*** MATERIALS PROVIDED ***

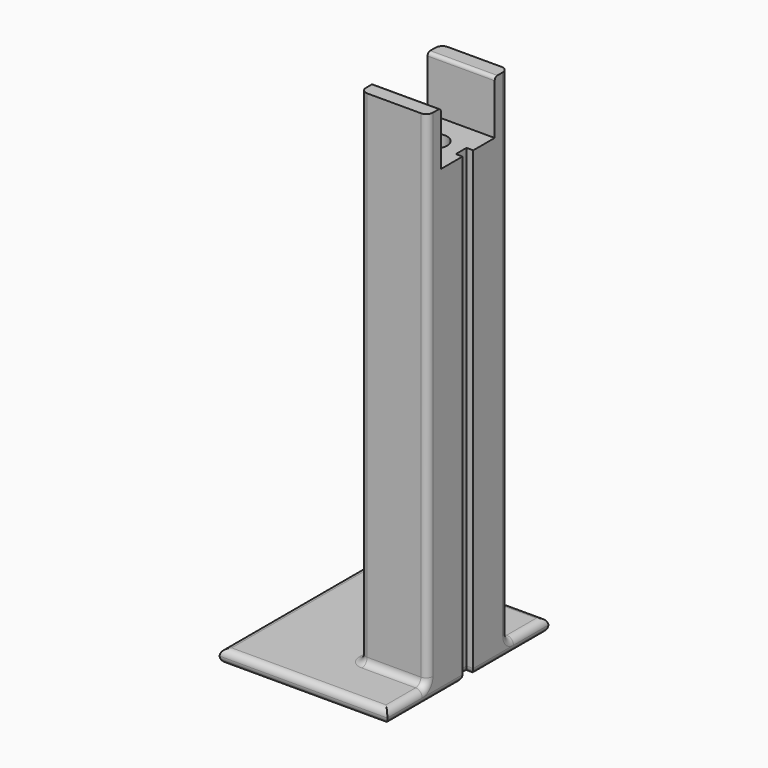
from build123d import *

# Parameters (mm, degrees)
F1_DEPTH     = 2
F2_R         = 1.9
F3_DEPTH     = 75
F4_W         = 10
F4_H         = 10
F5_DEPTH     = 8
F6_TEXT_SIZE = 13.8888888889
F7_DEPTH     = 0.5
F8_R         = 0.99999
F9_R         = 0.5


# Not quite as in the source:
# - a fillet or chamfer is up to 0.001 mm smaller than in the source, because OpenCascade refuses the exact size
# - Text() gives the source's letters only with a copy of the font that has no kerning and outlines rounded to 1/6400 em; it was checked with that copy


with BuildPart() as f1:
    # F0 (on Top) → F1 (new body)
    with BuildSketch(Plane.XY):
        Polygon((0, 1), (0, 15), (-25, 15), (-25, -15), (0, -15), (0, -1), (-1, -1), (-1, 1), align=None)
    extrude(amount=F1_DEPTH)

    # F2 (on face) → F3 (join)
    with BuildSketch(Plane.XY.offset(2)):
        Polygon((-1, 1), (0, 1), (0, 7.5), (-10, 7.5), (-10, -7.5), (0, -7.5), (0, -1), (-1, -1), align=None)
        with Locations((-5, 0)):
            Circle(F2_R, mode=Mode.SUBTRACT)
    extrude(amount=F3_DEPTH)

    # F4 (on face) → F5 (cut)
    with BuildSketch(Plane.XY.offset(77)):
        with Locations((-5, 0)):
            Rectangle(F4_W, F4_H)
    extrude(amount=-F5_DEPTH, mode=Mode.SUBTRACT)

    # F6 (on face) → F7 (cut)
    with BuildSketch(Plane(origin=(-10, 0, 0), x_dir=(0, -1, 0), z_dir=(-1, 0, 0))):
        with Locations(Location((-5, 68), (0, 0, -90))):
            Text('US holder', F6_TEXT_SIZE, font='Open Sans', text_align=(TextAlign.LEFT, TextAlign.BOTTOM))
    extrude(amount=-F7_DEPTH, mode=Mode.SUBTRACT)

    # F8 (radius 1 in the source; OpenCascade refuses exactly that, so slightly less here)
    f8_edges = [f1.edges().sort_by_distance(p)[0] for p in [
        (-10, -7.5, 39.5),
        (0, -7.5, 39.5),
        (-10, 7.5, 39.5),
        (0, 7.5, 39.5),
        (-5, 7.5, 2),
        (-10, 0, 2),
        (-5, -7.5, 2),
        (0, -11.25, 2),
        (-12.5, -15, 2),
        (-25, 0, 2),
        (-12.5, 15, 2),
        (0, 11.25, 2),
        (0, 8, 0),
        (-12.5, 15, 0),
        (-25, 0, 0),
        (-12.5, -15, 0),
        (0, -8, 0),
        (-0.5, -1, 0),
        (-1, 0, 0),
        (-0.5, 1, 0),
    ]]
    fillet(f8_edges, radius=F8_R)

    # F9
    f9_edges = [f1.edges().sort_by_distance(p)[0] for p in [
        (-5, 5, 77),
        (-5, -5, 77),
    ]]
    fillet(f9_edges, radius=F9_R)


solid = f1.part

*** End of MATERIALS PROVIDED ***

WORK TASK: Copy out each line of the entries that holds "OpenCascade".

ANSWER:
# - a fillet or chamfer is up to 0.001 mm smaller than in the source, because OpenCascade refuses the exact size
    # F8 (radius 1 in the source; OpenCascade refuses exactly that, so slightly less here)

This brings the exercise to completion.